徐々に利用が増えてきた住宅診断(ホームインスペクション)ですが、この1~2年の普及スピードはそれ以前よりも随分早いものです。おそらく2017年はさらに早く普及することになるでしょう。
住宅診断が普及するにつれて、1つの興味深い現象も出てきました。まだまだ少ないケースですが、今後はこういった事例も増えてくるでしょう。それは、同じ物件に対して2回以上の住宅診断(ホームインスペクション)が実施されるというものです。
買主による住宅診断が増え続けている
冒頭にも記載致しましたが、住宅診断(ホームインスペクション)の利用件数は急速に増えており、住宅購入時には多くの人が利用するようになってきました。その利用の多くが、買主が依頼するものです。
購入しようとする住宅の瑕疵や劣化具合を可能な範囲で把握し、それを住宅購入判断に活かしたいというニーズが強いからです。今後は、不動産会社から買主に対して住宅診断というサービスについて説明しなければならなくなるため、より一層利用されることになります。
売主による住宅診断も増えつつある
実は、買主が住宅診断を利用するだけではなく、売主も利用しようと考える人が増えてきています。買主が購入判断のために必要としているならば、売主が実施しておくことで買主の安心感を高めることができ、自宅の売却に有利ではないかと考える人が出てきているからです。

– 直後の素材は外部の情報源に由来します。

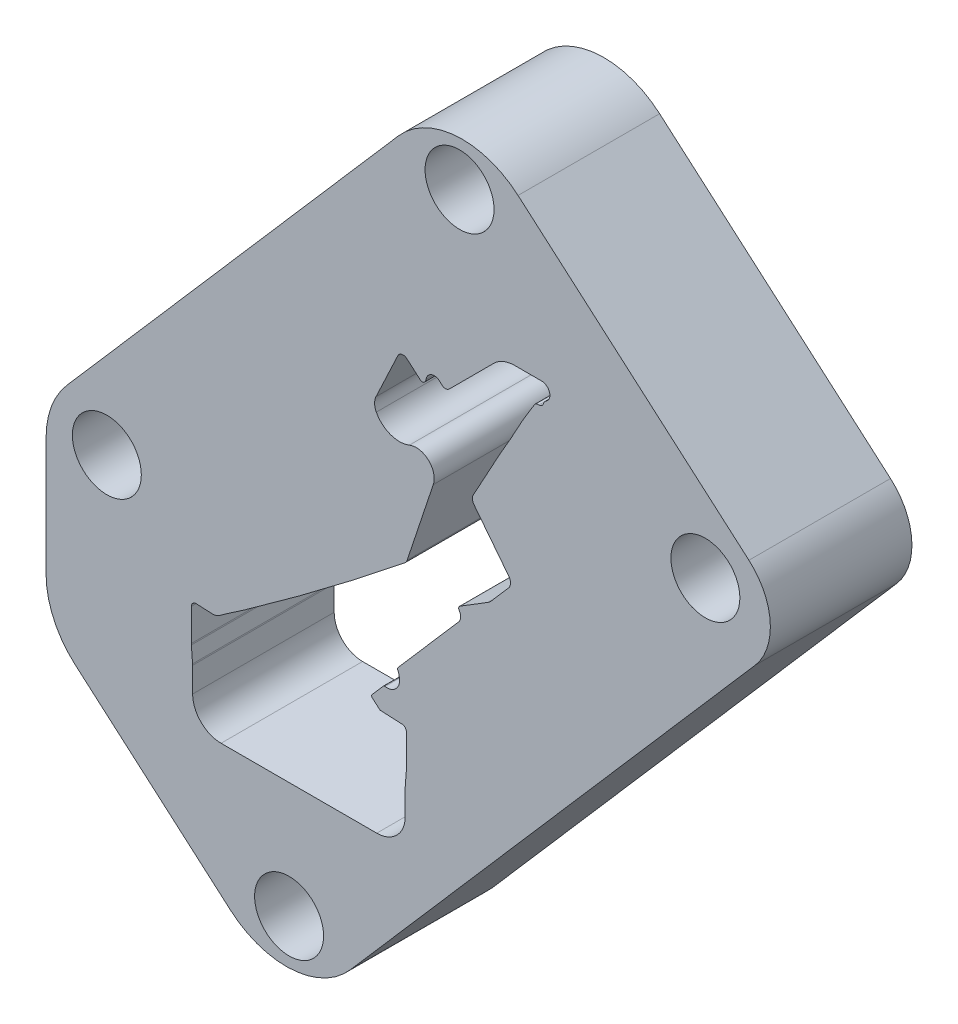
from build123d import *

# Parameters (mm, degrees)
BOSS_EXTRUDE1_DEPTH                                 = 31.75
HOLE1_D                                             = 10.3124
HOLE1_CBORE_D                                       = 15.4686
HOLE1_CBORE_DEPTH                                   = 17.526
CUT_EXTRUDE1_QU250515L_PUNCH26_MOUNTED_I_DEPTH      = 457.695359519
CUT_EXTRUDE1_QU250515L_PUNCH26_MOUNTED_I_DEPTH_BACK = 457.695359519


with BuildPart() as part:
    # Sketch1 → Boss-Extrude1 (new body)
    with BuildSketch(Plane.XY):
        with BuildLine():
            Line((-277.337723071, -5.739318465), (-329.117687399, 39.227910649))
            ThreePointArc((-329.117687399, 39.227910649), (-342.946731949, 43.847530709), (-355.991907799, 37.335484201))
            Line((-355.991907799, 37.335484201), (-430.308323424, -48.240198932))
            ThreePointArc((-430.308323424, -48.240198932), (-433.770234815, -54.06400551), (-434.975, -60.731095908))
            Line((-434.975, -60.731095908), (-434.975, -87.232348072))
            ThreePointArc((-434.975, -87.232348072), (-433.257831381, -95.13648979), (-428.415896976, -101.615671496))
            Line((-428.415896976, -101.615671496), (-393.591348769, -131.858323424))
            ThreePointArc((-393.591348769, -131.858323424), (-379.762304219, -136.477943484), (-366.717128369, -129.965896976))
            Line((-366.717128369, -129.965896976), (-275.949943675, -25.447080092))
            ThreePointArc((-275.949943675, -25.447080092), (-272.562222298, -15.305780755), (-277.337723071, -5.739318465))
        make_face()
    extrude(amount=-BOSS_EXTRUDE1_DEPTH)

    # Hole1 (through all)
    with Locations(Plane(origin=(-333.790541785, -24.126620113, 0), x_dir=(1, 0, 0), z_dir=(0, 0, 1))):
        with Locations((-8.448851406, 57.929280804), (46.687221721, 10.047509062), (-46.679101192, -102.306453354), (-87.557865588, -33.165100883)):
            CounterBoreHole(HOLE1_D / 2, HOLE1_CBORE_D / 2, HOLE1_CBORE_DEPTH)

    # Sketch1 QU250515L_Punch26_Mounted in the → Cut-Extrude1 QU250515L_Punch26_Mounted i (cut, two sides: drawn at the far end of the back side and taken through both)
    with BuildSketch(Plane.XY.offset(-4.7625).offset(-CUT_EXTRUDE1_QU250515L_PUNCH26_MOUNTED_I_DEPTH_BACK)):
        with BuildLine():
            Line((-355.168063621, -76.458871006), (-360.06403829, -76.228140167))
            Line((-360.06403829, -76.228140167), (-361.809510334, -74.712321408))
            ThreePointArc((-361.809510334, -74.712321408), (-361.960589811, -74.409673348), (-361.853414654, -74.088839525))
            Line((-361.853414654, -74.088839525), (-359.358052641, -71.215420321))
            ThreePointArc((-359.358052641, -71.215420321), (-359.175232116, -71.089799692), (-358.954407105, -71.068821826))
            ThreePointArc((-358.954407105, -71.068821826), (-356.552710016, -70.316386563), (-355.708459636, -67.945405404))
            Line((-355.708459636, -67.945405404), (-355.76551881, -67.474045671))
            ThreePointArc((-355.76551881, -67.474045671), (-355.883493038, -66.940336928), (-356.102210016, -66.439411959))
            ThreePointArc((-356.102210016, -66.439411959), (-356.155830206, -66.178623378), (-356.049913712, -65.934354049))
            Line((-356.049913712, -65.934354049), (-342.441341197, -50.264019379))
            ThreePointArc((-342.441341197, -50.264019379), (-341.992784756, -49.163111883), (-342.309268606, -48.017233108))
            ThreePointArc((-342.309268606, -48.017233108), (-342.41459973, -47.480419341), (-342.099390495, -47.033309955))
            Line((-342.099390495, -47.033309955), (-335.919084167, -43.220151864))
            ThreePointArc((-335.919084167, -43.220151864), (-335.491350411, -42.909242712), (-335.115417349, -42.537362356))
            Line((-335.115417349, -42.537362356), (-331.258982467, -38.096660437))
            ThreePointArc((-331.258982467, -38.096660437), (-330.807856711, -36.934912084), (-331.198719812, -35.751527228))
            Line((-331.198719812, -35.751527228), (-338.994064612, -25.783985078))
            ThreePointArc((-338.994064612, -25.783985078), (-339.345078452, -24.886393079), (-339.145023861, -23.943599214))
            Line((-339.145023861, -23.943599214), (-333.295726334, -13.237208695))
            Line((-333.295726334, -13.237208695), (-330.713357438, -8.740266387))
            Line((-330.713357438, -8.740266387), (-328.542354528, -4.766523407))
            ThreePointArc((-328.542354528, -4.766523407), (-328.327052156, -4.381014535), (-328.109942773, -3.996520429))
            ThreePointArc((-328.109942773, -3.996520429), (-327.886949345, -3.615246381), (-327.659514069, -3.236605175))
            ThreePointArc((-327.659514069, -3.236605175), (-326.543153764, -1.367046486), (-325.396096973, 0.483837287))
            ThreePointArc((-325.396096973, 0.483837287), (-325.28652879, 0.616600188), (-325.147132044, 0.717593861))
            ThreePointArc((-325.147132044, 0.717593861), (-324.803289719, 0.845548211), (-324.437274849, 0.870707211))
            ThreePointArc((-324.437274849, 0.870707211), (-323.900195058, 0.99842132), (-323.536149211, 1.413434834))
            ThreePointArc((-323.536149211, 1.413434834), (-323.434627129, 1.644603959), (-323.33200808, 1.875288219))
            ThreePointArc((-323.33200808, 1.875288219), (-323.136865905, 2.178825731), (-322.860539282, 2.410901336))
            ThreePointArc((-322.860539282, 2.410901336), (-322.046271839, 4.483872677), (-323.821484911, 5.828811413))
            Line((-323.821484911, 5.828811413), (-329.866864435, 5.828811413))
            ThreePointArc((-329.866864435, 5.828811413), (-332.419378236, 5.32108485), (-334.58329495, 3.875201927))
            Line((-334.58329495, 3.875201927), (-344.543862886, -6.085366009))
            ThreePointArc((-344.543862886, -6.085366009), (-345.395191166, -6.437997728), (-346.246519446, -6.085366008))
            Line((-346.246519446, -6.085366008), (-346.605729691, -5.726155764))
            ThreePointArc((-346.605729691, -5.726155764), (-348.50370992, -5.284353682), (-349.738283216, -6.792115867))
            ThreePointArc((-349.738283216, -6.792115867), (-349.833962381, -7.130148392), (-350.023149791, -7.426169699))
            Line((-350.023149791, -7.426169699), (-350.0714191, -7.481752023))
            ThreePointArc((-350.0714191, -7.481752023), (-350.548002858, -7.719658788), (-351.053223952, -7.550888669))
            Line((-351.053223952, -7.550888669), (-354.029889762, -4.965865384))
            ThreePointArc((-354.029889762, -4.965865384), (-355.167948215, -4.670932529), (-356.089841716, -5.400504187))
            Line((-356.089841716, -5.400504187), (-360.97802924, -15.78876023))
            ThreePointArc((-360.97802924, -15.78876023), (-361.292728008, -17.278380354), (-360.908651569, -18.751638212))
            ThreePointArc((-360.908651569, -18.751638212), (-357.715633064, -21.531314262), (-353.482996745, -21.449119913))
            ThreePointArc((-353.482996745, -21.449119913), (-349.207400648, -22.238140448), (-348.13687674, -26.452076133))
            Line((-348.13687674, -26.452076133), (-353.991588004, -44.061204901))
            ThreePointArc((-353.991588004, -44.061204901), (-354.205494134, -44.488868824), (-354.531224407, -44.838943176))
            ThreePointArc((-354.531224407, -44.838943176), (-372.236287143, -58.652534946), (-390.375522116, -71.890839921))
            Line((-390.375522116, -71.890839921), (-394.251596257, -74.543197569))
            ThreePointArc((-394.251596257, -74.543197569), (-395.1524968, -75.181177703), (-396.052036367, -75.821075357))
            ThreePointArc((-396.052036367, -75.821075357), (-396.86571507, -76.216899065), (-397.764107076, -76.324793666))
            Line((-397.764107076, -76.324793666), (-401.269063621, -76.159616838))
            ThreePointArc((-401.269063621, -76.159616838), (-402.066892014, -76.457537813), (-402.40204, -77.240457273))
            Line((-402.40204, -77.240457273), (-402.40204, -84.43980295))
            ThreePointArc((-402.40204, -84.43980295), (-402.39929802, -84.581894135), (-402.391076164, -84.723773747))
            Line((-402.391076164, -84.723773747), (-402.118363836, -88.250226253))
            ThreePointArc((-402.118363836, -88.250226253), (-402.11014198, -88.392105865), (-402.1074, -88.53419705))
            Line((-402.1074, -88.53419705), (-402.1074, -94.107))
            ThreePointArc((-402.1074, -94.107), (-400.240088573, -98.615088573), (-395.732, -100.4824))
            Line((-395.732, -100.4824), (-360.807, -100.4824))
            ThreePointArc((-360.807, -100.4824), (-356.298911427, -98.615088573), (-354.4316, -94.107))
            Line((-354.4316, -94.107), (-354.4316, -88.53419705))
            ThreePointArc((-354.4316, -88.53419705), (-354.42885802, -88.392105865), (-354.420636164, -88.250226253))
            Line((-354.420636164, -88.250226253), (-354.147923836, -84.723773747))
            ThreePointArc((-354.147923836, -84.723773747), (-354.13970198, -84.581894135), (-354.13696, -84.43980295))
            Line((-354.13696, -84.43980295), (-354.13696, -77.539711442))
            ThreePointArc((-354.13696, -77.539711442), (-354.43608054, -76.792819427), (-355.168063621, -76.458871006))
        make_face()
    extrude(amount=CUT_EXTRUDE1_QU250515L_PUNCH26_MOUNTED_I_DEPTH + CUT_EXTRUDE1_QU250515L_PUNCH26_MOUNTED_I_DEPTH_BACK, mode=Mode.SUBTRACT)


solid = part.part

不動産会社から住宅診断というサービスを説明しなければならなくなるのは、買主に対してのみではなく、売主に対しても同じです。ですから、売主も積極的に住宅診断(ホームインスペクション)を利用しようと考える人が増えていきます。
売主の住宅診断への信頼性
ただ、買主と売主の考えや意識は異なります。買主は購入判断のために、その住宅の正確な情報を知りたいわけです。住宅診断を行った人から、悪いところは悪いとはっきり言ってほしいのは当然のことです。
一方で売主は売るために住宅診断を利用しようと考えているため、悪い情報をあまり積極的に開示したいわけではありません。何か瑕疵や不具合などがあって、それを黙っていると取引した後で問題化(トラブル化)する可能性があるのですが、それ以前に売れなくなっても困ります。
住宅診断を希望する売主から、「診断で悪い箇所が見つかったら、嘘を書いてほしいとは言わないが、その項目自体を削除してもらえないか?」と聞かれたことがあります。驚くような話ですが、売主の本音がわかる事例です。もちろん、丁重にお断り致しました。
売却を依頼された不動産会社としても、その物件に瑕疵が見つかれば売りづらくなり、売れなければ仲介手数料を得られないため、瑕疵があっては困ります。過去に、何度も不動産会社から、瑕疵についての表現がどのようになるか、診断する前に問合せがありました。売主側にとって優しい表現にしてくれる住宅診断会社を探しているようですが、ひどいのですね。
売主と買主が同じ物件に住宅診断を入れることがある
売主による住宅診断(ホームインスペクション)の普及も悪くないと考えますが、個別に見ていくと信頼できないひどいものもあり、買主はこれを警戒して売主や不動産会社による住宅診断の結果を信じないことも多いです。
買主としては心配であるために、売主が住宅診断している物件に対して、自分でも別の会社に住宅診断を依頼して実行するケースが出てきたのです。同じ物件に対する2重の住宅診断ということです。
新築住宅では2重、3重に検査されている
前述したことは中古住宅のことですが、新築住宅では2重の検査は当たり前で、物件によっては3重になっているものも少なくありません。
建築確認制度による検査、瑕疵保険の検査、性能評価の検査、フラット35の検査、買主による検査などがあり、2重、3重が当たり前になっています。新築の場合は、買主が物件価格に含む形で費用負担するものですから、無駄な費用との見方もあります。
中古住宅でも、売主側と買主側の住宅診断でわかれていく時代がやってくるかもしれません。